本論文的主要目標是利用僅有的彩色影像，使機械手臂在沒有相關的3D位置信息的情況下夾取靜態或動態目標。所提出方法的優點包括在未知環境下，為各種類型的機器人手臂提供一類通用控制策略、能夠自主生成相應的自由度動作指令的影像到動作轉換，以及不需要目標位置。首先，使用YOLO (You Only Look Once)算法進行影像分割，然後將彩色影像分成不同的有意義的對象或區域。採用近端策略最佳化(Proximal Policy Optimization, PPO)算法對卷積神經網絡 (CNN)模型進行訓練。機械手臂和目標物件的彩色影像以及馬達的轉動量分別是CNN模型的輸入和輸出。為了避免機器人手臂與物體碰撞造成機構損壞，在深度增強式學習訓練中使用Gazebo模擬環境。最後，實驗結果展示了所提出策略的有效性。

The main objective of this thesis is to utilize only RGB images to let a robotic arm grasp a static or dynamic target without the related 3D position information. The advantages of the proposed method include a class of general control strategies for various types of robotic arms in uncertain environments, image-to-action translations that can autonomously generate the corresponding degrees of freedom action instructions, and a target position that is not necessary. Firstly, the YOLO (You Only Look Once) algorithm performs the image segmentation. Then every RGB image divides into different meaningful objects or regions.
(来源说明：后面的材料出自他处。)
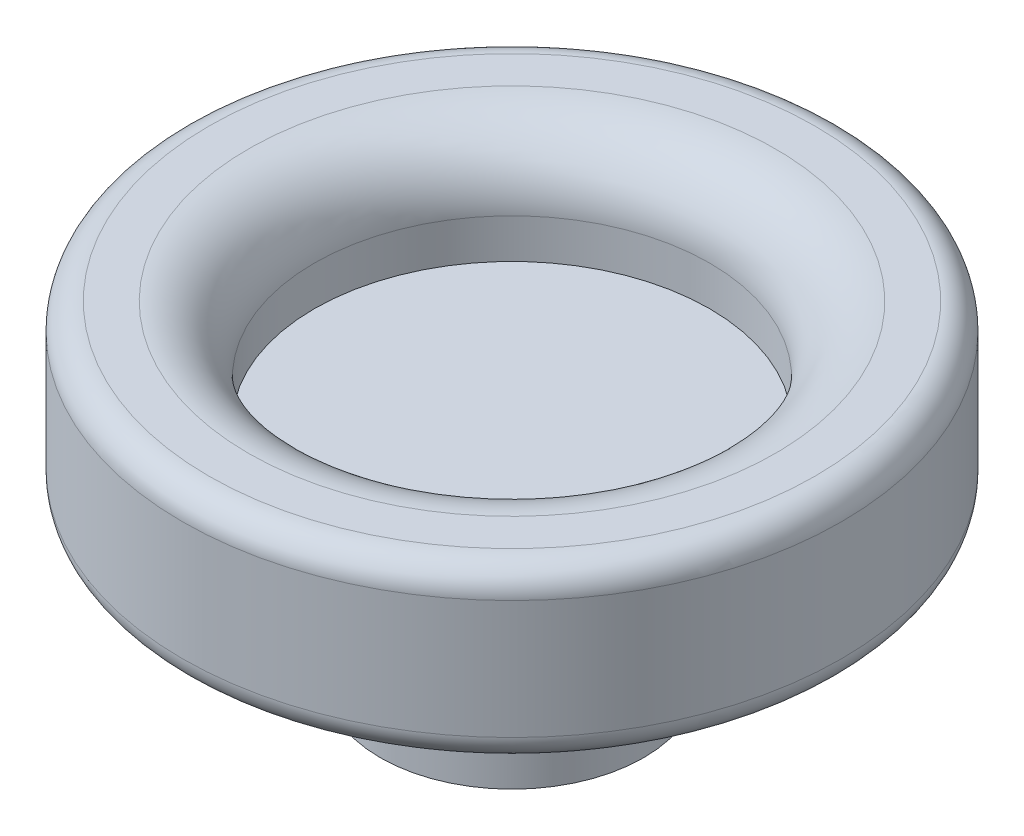
from build123d import *

# Parameters (mm, degrees)
SKETCH1_R                = 10
SKETCH1_R_2              = 7.5
BOSS_EXTRUDE1_DEPTH      = 15
BOSS_EXTRUDE2_DEPTH      = 10
BOSS_EXTRUDE2_DEPTH_BACK = 3
SKETCH3_R                = 25
FILLET1_R                = 2
SKETCH4_R                = 15
CUT_EXTRUDE1_DEPTH       = 8
FILLET2_R                = 5


with BuildPart() as part:
    # Sketch1 → Boss-Extrude1 (new body)
    with BuildSketch(Plane(origin=(0, 0, 0), x_dir=(1, 0, 0), z_dir=(0, 1, 0))):
        with Locations(Location((0, 0, 0), (0, 0, 270))):
            Circle(SKETCH1_R)
        with Locations(Location((0, 0, 0), (0, 0, 270))):
            Circle(SKETCH1_R_2, mode=Mode.SUBTRACT)
    extrude(amount=BOSS_EXTRUDE1_DEPTH)

    # Sketch3 → Boss-Extrude2 (add, two sides: drawn at the far end of the back side and taken through both)
    with BuildSketch(Plane(origin=(0, 15, 0), x_dir=(1, 0, 0), z_dir=(0, 1, 0)).offset(-BOSS_EXTRUDE2_DEPTH_BACK)):
        with Locations(Location((0, 0, 0), (0, 0, 270))):
            Circle(SKETCH3_R)
    extrude(amount=BOSS_EXTRUDE2_DEPTH + BOSS_EXTRUDE2_DEPTH_BACK)

    # Fillet1
    fillet1_edges = [part.edges().sort_by_distance(p)[0] for p in [
        (0, 12, -25),
        (0, 25, -25),
    ]]
    fillet(fillet1_edges, radius=FILLET1_R)

    # Sketch4 → Cut-Extrude1 (cut)
    with BuildSketch(Plane(origin=(0, 25, 0), x_dir=(1, 0, 0), z_dir=(0, 1, 0))):
        with Locations(Location((0, 0, 0), (0, 0, 270))):
            Circle(SKETCH4_R)
    extrude(amount=-CUT_EXTRUDE1_DEPTH, mode=Mode.SUBTRACT)

    # Fillet2
    fillet2_edges = [part.edges().sort_by_distance(p)[0] for p in [
        (0, 25, -15),
    ]]
    fillet(fillet2_edges, radius=FILLET2_R)


solid = part.part
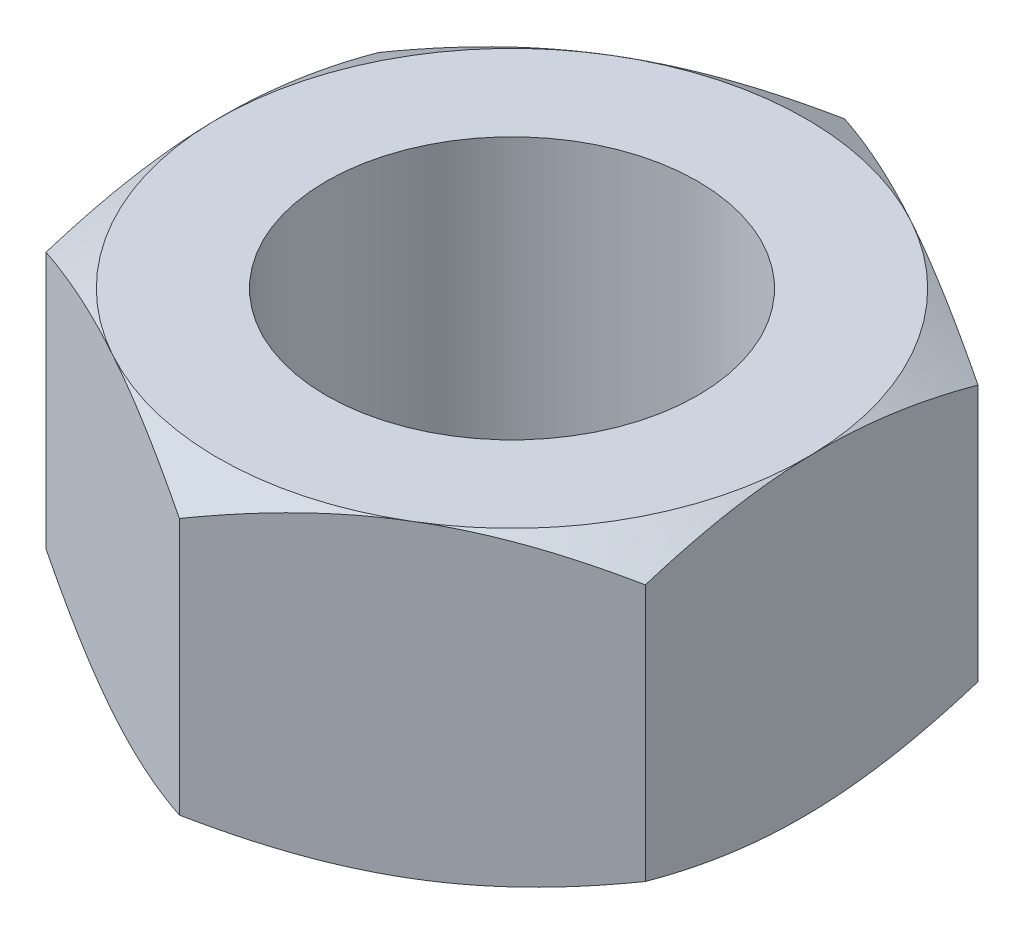
from build123d import *

# Parameters (mm, degrees)
BOSS_EXTRUDE1_DEPTH = 10
SKETCH2_R           = 6
CUT_EXTRUDE1_DEPTH  = 10
SKETCH3_OUTSIDE_W   = 68.948
SKETCH3_OUTSIDE_H   = 71.67
SKETCH3_OUTSIDE_R   = 9.5
CUT_EXTRUDE4_DEPTH  = 12
CUT_EXTRUDE4_DRAFT  = -60
SKETCH4_OUTSIDE_W   = 68.948
SKETCH4_OUTSIDE_H   = 71.67
SKETCH4_OUTSIDE_R   = 9.5
CUT_EXTRUDE5_DEPTH  = 12
CUT_EXTRUDE5_DRAFT  = -60


with BuildPart() as part:
    # Sketch1 → Boss-Extrude1 (new body)
    with BuildSketch(Plane(origin=(0, 0, 0), x_dir=(1, 0, 0), z_dir=(0, 1, 0))):
        Polygon((9.606581004, -5.295935682), (9.389705339, 5.671575352), (-0.216875665, 10.967511034), (-9.606581004, 5.295935682), (-9.389705339, -5.671575352), (0.216875665, -10.967511034), align=None)
    extrude(amount=BOSS_EXTRUDE1_DEPTH)

    # Sketch2 → Cut-Extrude1 (cut)
    with BuildSketch(Plane(origin=(0, 10, 0), x_dir=(1, 0, 0), z_dir=(0, 1, 0))):
        with Locations(Location((0, 0, 0), (0, 0, 270))):
            Circle(SKETCH2_R)
    extrude(amount=-CUT_EXTRUDE1_DEPTH, mode=Mode.SUBTRACT)


with BuildPart() as cut_extrude4_tool:
    # Sketch3 outside → Cut-Extrude4 (with draft: the straight prism first)
    with BuildSketch(Plane(origin=(0, 10, 0), x_dir=(1, 0, 0), z_dir=(0, 1, 0))):
        Rectangle(SKETCH3_OUTSIDE_W, SKETCH3_OUTSIDE_H)
        Circle(SKETCH3_OUTSIDE_R, mode=Mode.SUBTRACT)
    extrude(amount=-CUT_EXTRUDE4_DEPTH)
    # Cut-Extrude4: the draft: its side faces are tilted about the plane it starts from
    cut_extrude4_sides = [cut_extrude4_tool.faces().sort_by_distance(p)[0] for p in [
        (0, 4, 35.835),
        (34.474, 4, 0),
        (0, 4, -35.835),
        (-34.474, 4, 0),
        (-9.5, 4, 0),
    ]]
    draft(cut_extrude4_sides, Plane(origin=(0, 10, 0), x_dir=(1, 0, 0), z_dir=(0, 1, 0)), CUT_EXTRUDE4_DRAFT)


with BuildPart() as part_1:
    add(part.part)

    # Cut-Extrude4: cut by cut_extrude4_tool
    add(cut_extrude4_tool.part, mode=Mode.SUBTRACT)


with BuildPart() as cut_extrude5_tool:
    # Sketch4 outside → Cut-Extrude5 (with draft: the straight prism first)
    with BuildSketch(Plane.XZ):
        Rectangle(SKETCH4_OUTSIDE_W, SKETCH4_OUTSIDE_H)
        Circle(SKETCH4_OUTSIDE_R, mode=Mode.SUBTRACT)
    extrude(amount=-CUT_EXTRUDE5_DEPTH)
    # Cut-Extrude5: the draft: its side faces are tilted about the plane it starts from
    cut_extrude5_sides = [cut_extrude5_tool.faces().sort_by_distance(p)[0] for p in [
        (0, 6, -35.835),
        (34.474, 6, 0),
        (0, 6, 35.835),
        (-34.474, 6, 0),
        (-9.5, 6, 0),
    ]]
    draft(cut_extrude5_sides, Plane.XZ, CUT_EXTRUDE5_DRAFT)


with BuildPart() as part_2:
    add(part_1.part)

    # Cut-Extrude5: cut by cut_extrude5_tool
    add(cut_extrude5_tool.part, mode=Mode.SUBTRACT)


solid = part_2.part
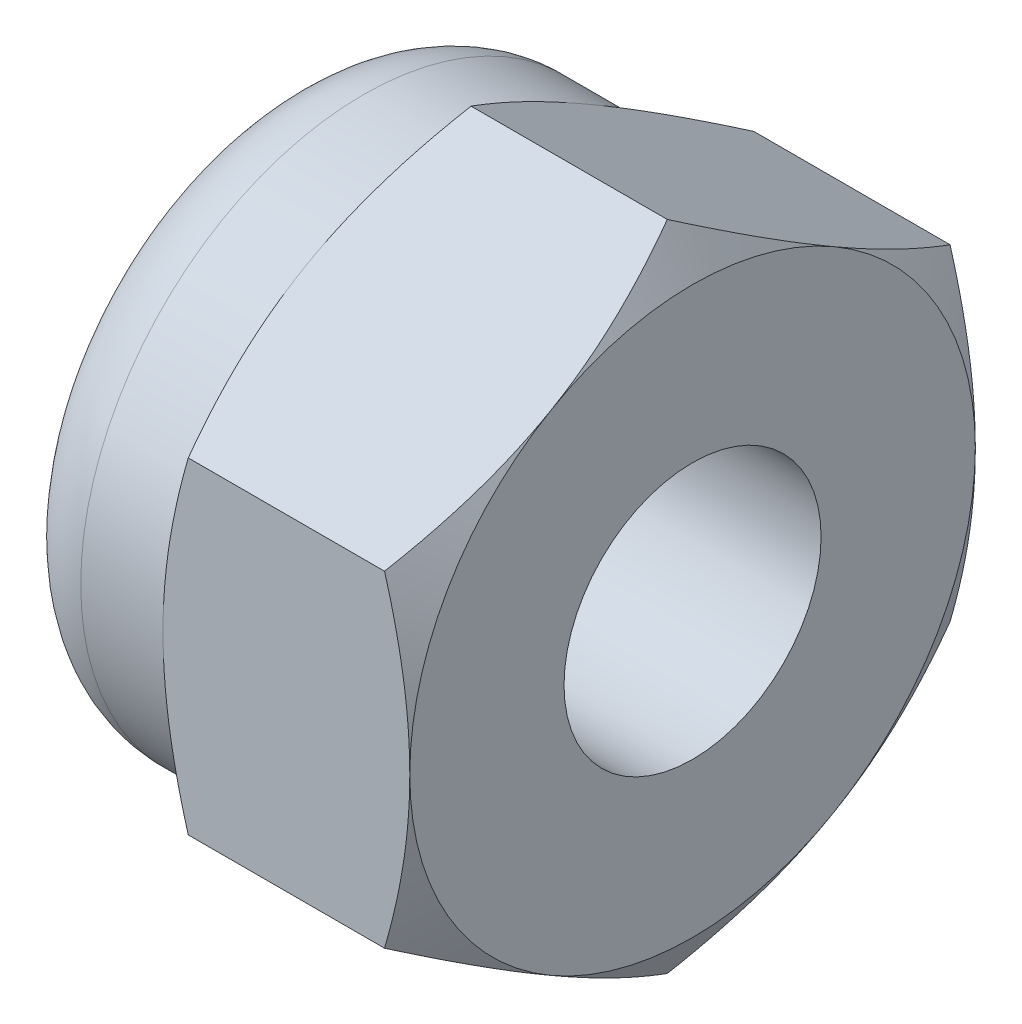
from build123d import *

# Parameters (mm, degrees)
BOSS_EXTRUDE1_DEPTH = 4
SKETCH2_W           = 4
SKETCH2_H           = 1.25


with BuildPart() as part:
    # Sketch1 → Boss-Extrude1 (new body)
    with BuildSketch(Plane(origin=(0, 0, 0), x_dir=(0, 0, -1), z_dir=(1, 0, 0))):
        Polygon((0, 3.175426481), (-2.75, 1.58771324), (-2.75, -1.58771324), (0, -3.175426481), (2.75, -1.58771324), (2.75, 1.58771324), align=None)
    extrude(amount=-BOSS_EXTRUDE1_DEPTH)

    # Sketch2 → Cut-Revolve4 (revolve, cut)
    with BuildSketch(Plane.XY):
        Polygon((0, 2.75), (-0.245620093, 3.175426481), (0, 3.175426481), align=None)
        with BuildLine():
            Line((-2.154379907, 3.175426481), (-2.4, 2.75))
            Line((-2.4, 2.75), (-3.2, 2.75))
            ThreePointArc((-3.2, 2.75), (-3.765685425, 2.515685425), (-4, 1.95))
            Line((-4, 1.95), (-4.425426481, 1.95))
            Line((-4.425426481, 1.95), (-4.425426481, 3.175426481))
            Line((-4.425426481, 3.175426481), (-2.154379907, 3.175426481))
        make_face()
        with Locations((-2, 0.625)):
            Rectangle(SKETCH2_W, SKETCH2_H)
    revolve(axis=Axis((-8.121993413, 0, 0), (1, 0, 0)), mode=Mode.SUBTRACT)


solid = part.part

The proximal policy optimization (PPO) algorithm trains the CNN model. The RGB images which keep only the robotic arm and target and the rotational amounts of the motors are the inputs and outputs of the CNN model, respectively. To avoid damage to the mechanism caused by the robotic arm colliding with objects, the Gazebo simulated environment is utilized during deep reinforcement learning training. Finally, some illustrative examples show how effective the proposed strategy is.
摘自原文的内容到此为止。